### TASK DESCRIPTION:
Pictures are to be skipped. Retype exactly the lines from the top of the material through the one with "#9144 = VERTEX_POINT ( 'NONE', #3921 ) ;", and only those.

### EXTRACTED ENTRIES:
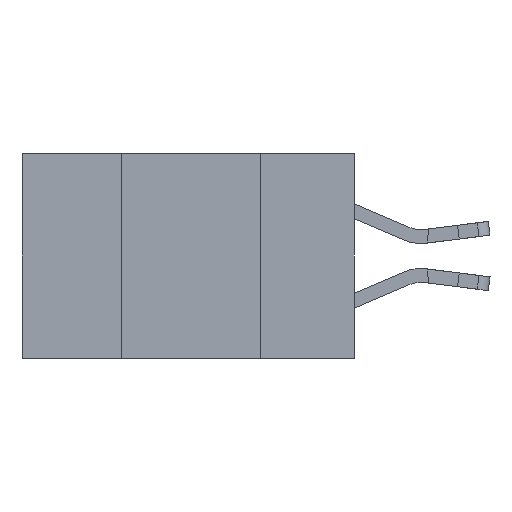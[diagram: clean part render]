
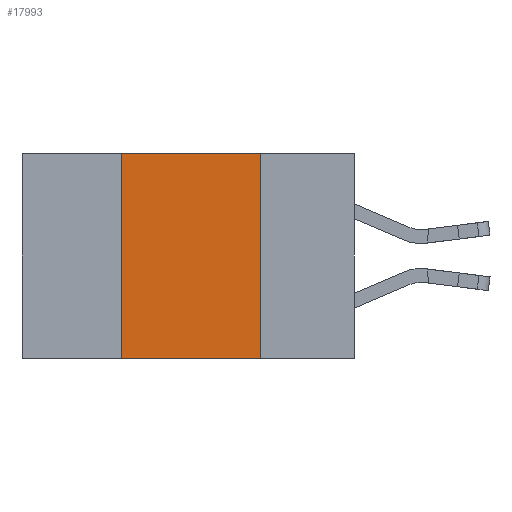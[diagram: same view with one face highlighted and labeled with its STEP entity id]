
A CAD part, left-side view. The second image highlights one B-rep face of the part: STEP entity #17993.
In plain terms, the highlighted planar face has unit normal (-1, 0, 0).
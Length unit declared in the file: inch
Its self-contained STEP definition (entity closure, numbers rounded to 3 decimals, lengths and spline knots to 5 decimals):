
#681 = EDGE_CURVE ( 'NONE', #5521, #9144, #6439, .T. ) ;
#1475 = DIRECTION ( 'NONE',  ( 0., 0., -1. ) ) ;
#1968 = EDGE_CURVE ( 'NONE', #6856, #5521, #4344, .T. ) ;
#3200 = CARTESIAN_POINT ( 'NONE',  ( 0., 0.42, 0. ) ) ;
#3696 = FACE_OUTER_BOUND ( 'NONE', #6975, .T. ) ;
#3921 = CARTESIAN_POINT ( 'NONE',  ( 0., 0.17, -0.37 ) ) ;
#4344 = LINE ( 'NONE', #16763, #17159 ) ;
#4619 = DIRECTION ( 'NONE',  ( 0., 0., 1. ) ) ;
#5521 = VERTEX_POINT ( 'NONE', #9742 ) ;
#5693 = EDGE_CURVE ( 'NONE', #14554, #6856, #15054, .T. ) ;
#5775 = LINE ( 'NONE', #17344, #18499 ) ;
#6439 = LINE ( 'NONE', #17218, #14991 ) ;
#6856 = VERTEX_POINT ( 'NONE', #3200 ) ;
#6975 = EDGE_LOOP ( 'NONE', ( #20666, #14338, #16306, #19075 ) ) ;
#8350 = DIRECTION ( 'NONE',  ( 0., -1., 0. ) ) ;
#9121 = VECTOR ( 'NONE', #4619, 39.37008 ) ;
#9144 = VERTEX_POINT ( 'NONE', #3921 ) ;
#9423 = EDGE_CURVE ( 'NONE', #14554, #9144, #5775, .T. ) ;
#9742 = CARTESIAN_POINT ( 'NONE',  ( 0., 0.17, 0. ) ) ;
#10702 = PLANE ( 'NONE',  #17508 ) ;
#11017 = CARTESIAN_POINT ( 'NONE',  ( 0., 0.42, -0.37 ) ) ;
#12510 = DIRECTION ( 'NONE',  ( 1., 0., 0. ) ) ;
#14338 = ORIENTED_EDGE ( 'NONE', *, *, #1968, .F. ) ;
#14554 = VERTEX_POINT ( 'NONE', #11017 ) ;
#14991 = VECTOR ( 'NONE', #17682, 39.37008 ) ;
#15054 = LINE ( 'NONE', #19049, #9121 ) ;
#16306 = ORIENTED_EDGE ( 'NONE', *, *, #5693, .F. ) ;
#16712 = DIRECTION ( 'NONE',  ( 0., -1., 0. ) ) ;
#16763 = CARTESIAN_POINT ( 'NONE',  ( 0., 0.6, 0. ) ) ;
#17159 = VECTOR ( 'NONE', #16712, 39.37008 ) ;
#17218 = CARTESIAN_POINT ( 'NONE',  ( 0., 0.17, -0.37 ) ) ;
#17344 = CARTESIAN_POINT ( 'NONE',  ( 0., 0.6, -0.37 ) ) ;
#17508 = AXIS2_PLACEMENT_3D ( 'NONE', #23171, #12510, #1475 ) ;
#17682 = DIRECTION ( 'NONE',  ( 0., 0., -1. ) ) ;
#17993 = ADVANCED_FACE ( 'NONE', ( #3696 ), #10702, .F. ) ;
#18499 = VECTOR ( 'NONE', #8350, 39.37008 ) ;
#19049 = CARTESIAN_POINT ( 'NONE',  ( 0., 0.42, -0.37 ) ) ;
#19075 = ORIENTED_EDGE ( 'NONE', *, *, #9423, .T. ) ;
#20666 = ORIENTED_EDGE ( 'NONE', *, *, #681, .F. ) ;
#23171 = CARTESIAN_POINT ( 'NONE',  ( 0., 0.6, 0. ) ) ;

### ANSWER FOR THE TASK:
[diagram: clean part render]
[diagram: same view with one face highlighted and labeled with its STEP entity id]
A CAD part, left-side view. The second image highlights one B-rep face of the part: STEP entity #17993.
In plain terms, the highlighted planar face has unit normal (-1, 0, 0).
Length unit declared in the file: inch
Its self-contained STEP definition (entity closure, numbers rounded to 3 decimals, lengths and spline knots to 5 decimals):
#681 = EDGE_CURVE ( 'NONE', #5521, #9144, #6439, .T. ) ;
#1475 = DIRECTION ( 'NONE',  ( 0., 0., -1. ) ) ;
#1968 = EDGE_CURVE ( 'NONE', #6856, #5521, #4344, .T. ) ;
#3200 = CARTESIAN_POINT ( 'NONE',  ( 0., 0.42, 0. ) ) ;
#3696 = FACE_OUTER_BOUND ( 'NONE', #6975, .T. ) ;
#3921 = CARTESIAN_POINT ( 'NONE',  ( 0., 0.17, -0.37 ) ) ;
#4344 = LINE ( 'NONE', #16763, #17159 ) ;
#4619 = DIRECTION ( 'NONE',  ( 0., 0., 1. ) ) ;
#5521 = VERTEX_POINT ( 'NONE', #9742 ) ;
#5693 = EDGE_CURVE ( 'NONE', #14554, #6856, #15054, .T. ) ;
#5775 = LINE ( 'NONE', #17344, #18499 ) ;
#6439 = LINE ( 'NONE', #17218, #14991 ) ;
#6856 = VERTEX_POINT ( 'NONE', #3200 ) ;
#6975 = EDGE_LOOP ( 'NONE', ( #20666, #14338, #16306, #19075 ) ) ;
#8350 = DIRECTION ( 'NONE',  ( 0., -1., 0. ) ) ;
#9121 = VECTOR ( 'NONE', #4619, 39.37008 ) ;
#9144 = VERTEX_POINT ( 'NONE', #3921 ) ;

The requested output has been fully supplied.